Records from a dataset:
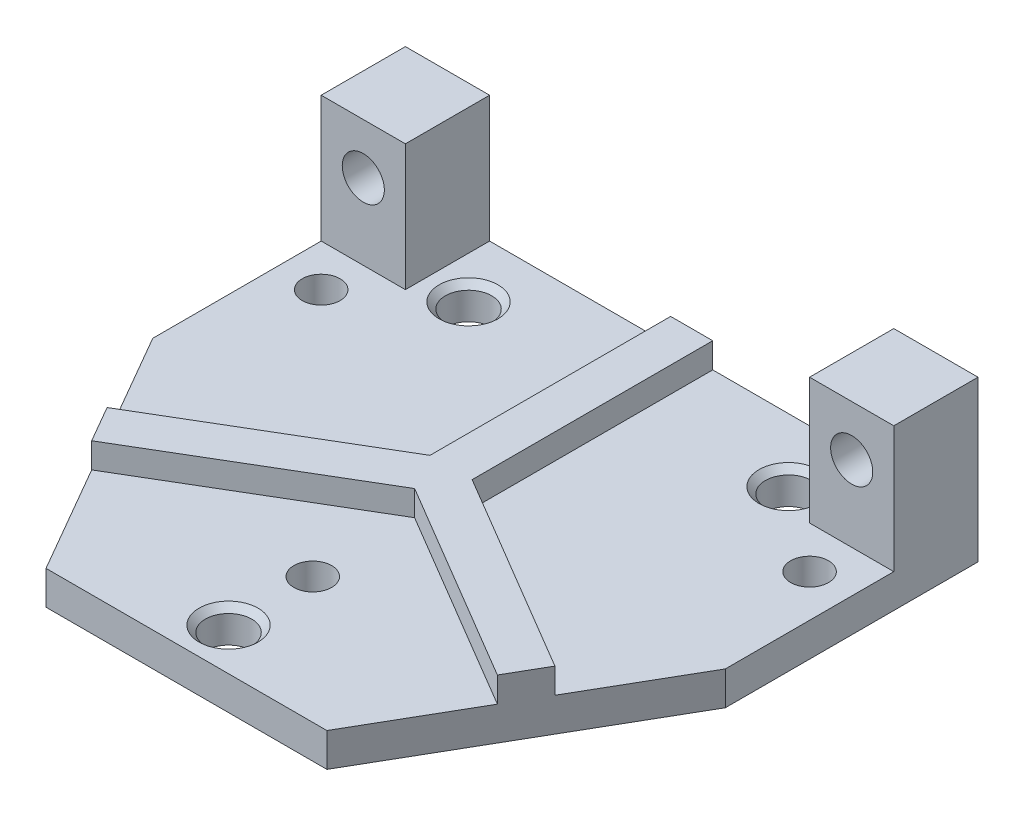
ISO-10303-21;
HEADER;
FILE_DESCRIPTION(('STEP AP214'),'2;1');
FILE_NAME('part.step','',(''),(''),'','','');
FILE_SCHEMA(('AUTOMOTIVE_DESIGN { 1 0 10303 214 1 1 1 1 }'));
ENDSEC;
DATA;
#1=APPLICATION_CONTEXT('core data for automotive mechanical design processes');
#2=APPLICATION_PROTOCOL_DEFINITION('international standard','automotive_design',2000,#1);
#3=PRODUCT_CONTEXT('',#1,'mechanical');
#4=PRODUCT('Part','Part','',(#3));
#5=PRODUCT_RELATED_PRODUCT_CATEGORY('part','',(#4));
#6=PRODUCT_DEFINITION_FORMATION('','',#4);
#7=PRODUCT_DEFINITION_CONTEXT('part definition',#1,'design');
#8=PRODUCT_DEFINITION('design','',#6,#7);
#9=PRODUCT_DEFINITION_SHAPE('','',#8);
#10=(LENGTH_UNIT() NAMED_UNIT(*) SI_UNIT(.MILLI.,.METRE.));
#11=(NAMED_UNIT(*) PLANE_ANGLE_UNIT() SI_UNIT($,.RADIAN.));
#12=(NAMED_UNIT(*) SI_UNIT($,.STERADIAN.) SOLID_ANGLE_UNIT());
#13=UNCERTAINTY_MEASURE_WITH_UNIT(LENGTH_MEASURE(1.E-05),#10,'distance_accuracy_value','');
#14=(GEOMETRIC_REPRESENTATION_CONTEXT(3) GLOBAL_UNCERTAINTY_ASSIGNED_CONTEXT((#13)) GLOBAL_UNIT_ASSIGNED_CONTEXT((#10,
#11,#12)) REPRESENTATION_CONTEXT('',''));
#15=CARTESIAN_POINT('',(0.,0.,0.));
#16=DIRECTION('',(0.,0.,1.));
#17=DIRECTION('',(1.,0.,0.));
#18=AXIS2_PLACEMENT_3D('',#15,#16,#17);
#19=CARTESIAN_POINT('',(0.,4.,0.));
#20=DIRECTION('',(0.,-1.,0.));
#21=DIRECTION('',(0.,0.,-1.));
#22=AXIS2_PLACEMENT_3D('',#19,#20,#21);
#23=PLANE('',#22);
#24=CARTESIAN_POINT('',(19.,4.,-22.5));
#25=DIRECTION('',(0.,-1.,0.));
#26=DIRECTION('',(0.,0.,-1.));
#27=AXIS2_PLACEMENT_3D('',#24,#25,#26);
#28=CIRCLE('',#27,3.5);
#29=CARTESIAN_POINT('',(19.,4.,-26.));
#30=VERTEX_POINT('',#29);
#31=EDGE_CURVE('E11',#30,#30,#28,.T.);
#32=ORIENTED_EDGE('',*,*,#31,.T.);
#33=EDGE_LOOP('',(#32));
#34=FACE_BOUND('',#33,.T.);
#35=CARTESIAN_POINT('',(29.,4.,-15.));
#36=DIRECTION('',(0.,1.,0.));
#37=DIRECTION('',(0.,0.,1.));
#38=AXIS2_PLACEMENT_3D('',#35,#36,#37);
#39=CIRCLE('',#38,2.25);
#40=CARTESIAN_POINT('',(29.,4.,-12.75));
#41=VERTEX_POINT('',#40);
#42=EDGE_CURVE('E315',#41,#41,#39,.T.);
#43=ORIENTED_EDGE('',*,*,#42,.F.);
#44=EDGE_LOOP('',(#43));
#45=FACE_BOUND('',#44,.T.);
#46=DIRECTION('',(0.,0.,1.));
#47=VECTOR('',#46,1.);
#48=CARTESIAN_POINT('',(23.9999999999999,4.,-30.));
#49=LINE('',#48,#47);
#50=CARTESIAN_POINT('',(23.9999999999999,4.,-30.));
#51=VERTEX_POINT('',#50);
#52=CARTESIAN_POINT('',(23.9999999999999,4.,-20.));
#53=VERTEX_POINT('',#52);
#54=EDGE_CURVE('E203',#51,#53,#49,.T.);
#55=ORIENTED_EDGE('',*,*,#54,.F.);
#56=DIRECTION('',(-1.,0.,0.));
#57=VECTOR('',#56,1.);
#58=CARTESIAN_POINT('',(-34.,4.,-30.));
#59=LINE('',#58,#57);
#60=CARTESIAN_POINT('',(2.5,4.,-30.));
#61=VERTEX_POINT('',#60);
#62=EDGE_CURVE('E338',#51,#61,#59,.T.);
#63=ORIENTED_EDGE('',*,*,#62,.T.);
#64=DIRECTION('',(0.,0.,-1.));
#65=VECTOR('',#64,1.);
#66=CARTESIAN_POINT('',(2.5,4.,-1.4252913257079));
#67=LINE('',#66,#65);
#68=CARTESIAN_POINT('',(2.5,4.,-1.4252913257079));
#69=VERTEX_POINT('',#68);
#70=EDGE_CURVE('E277',#69,#61,#67,.T.);
#71=ORIENTED_EDGE('',*,*,#70,.F.);
#72=DIRECTION('',(-0.860531913298751,0.,-0.509396531392186));
#73=VECTOR('',#72,1.);
#74=CARTESIAN_POINT('',(2.5,4.,-1.4252913257079));
#75=LINE('',#74,#73);
#76=CARTESIAN_POINT('',(26.5898200123171,4.,12.834808231897));
#77=VERTEX_POINT('',#76);
#78=EDGE_CURVE('E274',#77,#69,#75,.T.);
#79=ORIENTED_EDGE('',*,*,#78,.F.);
#80=DIRECTION('',(0.499999999999997,0.,-0.86602540378444));
#81=VECTOR('',#80,1.);
#82=CARTESIAN_POINT('',(16.6794919243114,4.,30.));
#83=LINE('',#82,#81);
#84=CARTESIAN_POINT('',(34.,4.,0.));
#85=VERTEX_POINT('',#84);
#86=EDGE_CURVE('E347',#77,#85,#83,.T.);
#87=ORIENTED_EDGE('',*,*,#86,.T.);
#88=DIRECTION('',(0.,0.,-1.));
#89=VECTOR('',#88,1.);
#90=CARTESIAN_POINT('',(34.,4.,0.));
#91=LINE('',#90,#89);
#92=CARTESIAN_POINT('',(34.,4.,-20.));
#93=VERTEX_POINT('',#92);
#94=EDGE_CURVE('E53',#85,#93,#91,.T.);
#95=ORIENTED_EDGE('',*,*,#94,.T.);
#96=DIRECTION('',(1.,0.,0.));
#97=VECTOR('',#96,1.);
#98=CARTESIAN_POINT('',(34.,4.,-20.));
#99=LINE('',#98,#97);
#100=EDGE_CURVE('E48',#53,#93,#99,.T.);
#101=ORIENTED_EDGE('',*,*,#100,.F.);
#102=EDGE_LOOP('',(#55,#63,#71,#79,#87,#95,#101));
#103=FACE_BOUND('',#102,.T.);
#104=ADVANCED_FACE('F33',(#34,#45,#103),#23,.F.);
#105=CARTESIAN_POINT('',(-19.,4.,-22.5));
#106=DIRECTION('',(0.,-1.,0.));
#107=DIRECTION('',(0.,0.,-1.));
#108=AXIS2_PLACEMENT_3D('',#105,#106,#107);
#109=CIRCLE('',#108,3.5);
#110=CARTESIAN_POINT('',(-19.,4.,-26.));
#111=VERTEX_POINT('',#110);
#112=EDGE_CURVE('E387',#111,#111,#109,.T.);
#113=ORIENTED_EDGE('',*,*,#112,.T.);
#114=EDGE_LOOP('',(#113));
#115=FACE_BOUND('',#114,.T.);
#116=CARTESIAN_POINT('',(-29.,4.,-15.));
#117=DIRECTION('',(0.,1.,0.));
#118=DIRECTION('',(0.,0.,1.));
#119=AXIS2_PLACEMENT_3D('',#116,#117,#118);
#120=CIRCLE('',#119,2.25);
#121=CARTESIAN_POINT('',(-29.,4.,-12.75));
#122=VERTEX_POINT('',#121);
#123=EDGE_CURVE('E321',#122,#122,#120,.T.);
#124=ORIENTED_EDGE('',*,*,#123,.F.);
#125=EDGE_LOOP('',(#124));
#126=FACE_BOUND('',#125,.T.);
#127=DIRECTION('',(1.,0.,0.));
#128=VECTOR('',#127,1.);
#129=CARTESIAN_POINT('',(-34.,4.,-20.));
#130=LINE('',#129,#128);
#131=CARTESIAN_POINT('',(-34.,4.,-20.));
#132=VERTEX_POINT('',#131);
#133=CARTESIAN_POINT('',(-24.,4.,-20.));
#134=VERTEX_POINT('',#133);
#135=EDGE_CURVE('E219',#132,#134,#130,.T.);
#136=ORIENTED_EDGE('',*,*,#135,.F.);
#137=DIRECTION('',(0.,0.,1.));
#138=VECTOR('',#137,1.);
#139=CARTESIAN_POINT('',(-34.,4.,0.));
#140=LINE('',#139,#138);
#141=CARTESIAN_POINT('',(-34.,4.,0.));
#142=VERTEX_POINT('',#141);
#143=EDGE_CURVE('E340',#132,#142,#140,.T.);
#144=ORIENTED_EDGE('',*,*,#143,.T.);
#145=DIRECTION('',(0.499999999999999,0.,0.866025403784439));
#146=VECTOR('',#145,1.);
#147=CARTESIAN_POINT('',(-34.,4.,0.));
#148=LINE('',#147,#146);
#149=CARTESIAN_POINT('',(-26.5898200123171,4.,12.834808231897));
#150=VERTEX_POINT('',#149);
#151=EDGE_CURVE('E343',#142,#150,#148,.T.);
#152=ORIENTED_EDGE('',*,*,#151,.T.);
#153=DIRECTION('',(-0.860531913298751,0.,0.509396531392187));
#154=VECTOR('',#153,1.);
#155=CARTESIAN_POINT('',(-26.5898200123171,4.,12.834808231897));
#156=LINE('',#155,#154);
#157=CARTESIAN_POINT('',(-2.5,4.,-1.4252913257079));
#158=VERTEX_POINT('',#157);
#159=EDGE_CURVE('E244',#158,#150,#156,.T.);
#160=ORIENTED_EDGE('',*,*,#159,.F.);
#161=DIRECTION('',(0.,0.,1.));
#162=VECTOR('',#161,1.);
#163=CARTESIAN_POINT('',(-2.5,4.,-1.4252913257079));
#164=LINE('',#163,#162);
#165=CARTESIAN_POINT('',(-2.5,4.,-30.));
#166=VERTEX_POINT('',#165);
#167=EDGE_CURVE('E249',#166,#158,#164,.T.);
#168=ORIENTED_EDGE('',*,*,#167,.F.);
#169=CARTESIAN_POINT('',(-24.,4.,-30.));
#170=VERTEX_POINT('',#169);
#171=EDGE_CURVE('E336',#166,#170,#59,.T.);
#172=ORIENTED_EDGE('',*,*,#171,.T.);
#173=DIRECTION('',(0.,0.,-1.));
#174=VECTOR('',#173,1.);
#175=CARTESIAN_POINT('',(-24.,4.,-30.));
#176=LINE('',#175,#174);
#177=EDGE_CURVE('E224',#134,#170,#176,.T.);
#178=ORIENTED_EDGE('',*,*,#177,.F.);
#179=EDGE_LOOP('',(#136,#144,#152,#160,#168,#172,#178));
#180=FACE_BOUND('',#179,.T.);
#181=ADVANCED_FACE('F405',(#115,#126,#180),#23,.F.);
#182=CARTESIAN_POINT('',(0.,4.,25.));
#183=DIRECTION('',(0.,-1.,0.));
#184=DIRECTION('',(0.,0.,-1.));
#185=AXIS2_PLACEMENT_3D('',#182,#183,#184);
#186=CIRCLE('',#185,3.5);
#187=CARTESIAN_POINT('',(0.,4.,21.5));
#188=VERTEX_POINT('',#187);
#189=EDGE_CURVE('E381',#188,#188,#186,.T.);
#190=ORIENTED_EDGE('',*,*,#189,.T.);
#191=EDGE_LOOP('',(#190));
#192=FACE_BOUND('',#191,.T.);
#193=CARTESIAN_POINT('',(0.,4.,15.));
#194=DIRECTION('',(0.,1.,0.));
#195=DIRECTION('',(0.,0.,1.));
#196=AXIS2_PLACEMENT_3D('',#193,#194,#195);
#197=CIRCLE('',#196,2.25);
#198=CARTESIAN_POINT('',(0.,4.,17.25));
#199=VERTEX_POINT('',#198);
#200=EDGE_CURVE('E309',#199,#199,#197,.T.);
#201=ORIENTED_EDGE('',*,*,#200,.F.);
#202=EDGE_LOOP('',(#201));
#203=FACE_BOUND('',#202,.T.);
#204=DIRECTION('',(0.860531913298751,0.,0.509396531392186));
#205=VECTOR('',#204,1.);
#206=CARTESIAN_POINT('',(0.,4.,2.90517987928714));
#207=LINE('',#206,#205);
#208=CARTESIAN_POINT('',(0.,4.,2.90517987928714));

DIRECTIONS:
Treating the line with "#29=CARTESIAN_POINT('',(19.,4.,-26.));" as the last line to include, retype the records exactly from their first line, excluding pictures.

OUTPUT FOR THIS TASK:
ISO-10303-21;
HEADER;
FILE_DESCRIPTION(('STEP AP214'),'2;1');
FILE_NAME('part.step','',(''),(''),'','','');
FILE_SCHEMA(('AUTOMOTIVE_DESIGN { 1 0 10303 214 1 1 1 1 }'));
ENDSEC;
DATA;
#1=APPLICATION_CONTEXT('core data for automotive mechanical design processes');
#2=APPLICATION_PROTOCOL_DEFINITION('international standard','automotive_design',2000,#1);
#3=PRODUCT_CONTEXT('',#1,'mechanical');
#4=PRODUCT('Part','Part','',(#3));
#5=PRODUCT_RELATED_PRODUCT_CATEGORY('part','',(#4));
#6=PRODUCT_DEFINITION_FORMATION('','',#4);
#7=PRODUCT_DEFINITION_CONTEXT('part definition',#1,'design');
#8=PRODUCT_DEFINITION('design','',#6,#7);
#9=PRODUCT_DEFINITION_SHAPE('','',#8);
#10=(LENGTH_UNIT() NAMED_UNIT(*) SI_UNIT(.MILLI.,.METRE.));
#11=(NAMED_UNIT(*) PLANE_ANGLE_UNIT() SI_UNIT($,.RADIAN.));
#12=(NAMED_UNIT(*) SI_UNIT($,.STERADIAN.) SOLID_ANGLE_UNIT());
#13=UNCERTAINTY_MEASURE_WITH_UNIT(LENGTH_MEASURE(1.E-05),#10,'distance_accuracy_value','');
#14=(GEOMETRIC_REPRESENTATION_CONTEXT(3) GLOBAL_UNCERTAINTY_ASSIGNED_CONTEXT((#13)) GLOBAL_UNIT_ASSIGNED_CONTEXT((#10,
#11,#12)) REPRESENTATION_CONTEXT('',''));
#15=CARTESIAN_POINT('',(0.,0.,0.));
#16=DIRECTION('',(0.,0.,1.));
#17=DIRECTION('',(1.,0.,0.));
#18=AXIS2_PLACEMENT_3D('',#15,#16,#17);
#19=CARTESIAN_POINT('',(0.,4.,0.));
#20=DIRECTION('',(0.,-1.,0.));
#21=DIRECTION('',(0.,0.,-1.));
#22=AXIS2_PLACEMENT_3D('',#19,#20,#21);
#23=PLANE('',#22);
#24=CARTESIAN_POINT('',(19.,4.,-22.5));
#25=DIRECTION('',(0.,-1.,0.));
#26=DIRECTION('',(0.,0.,-1.));
#27=AXIS2_PLACEMENT_3D('',#24,#25,#26);
#28=CIRCLE('',#27,3.5);
#29=CARTESIAN_POINT('',(19.,4.,-26.));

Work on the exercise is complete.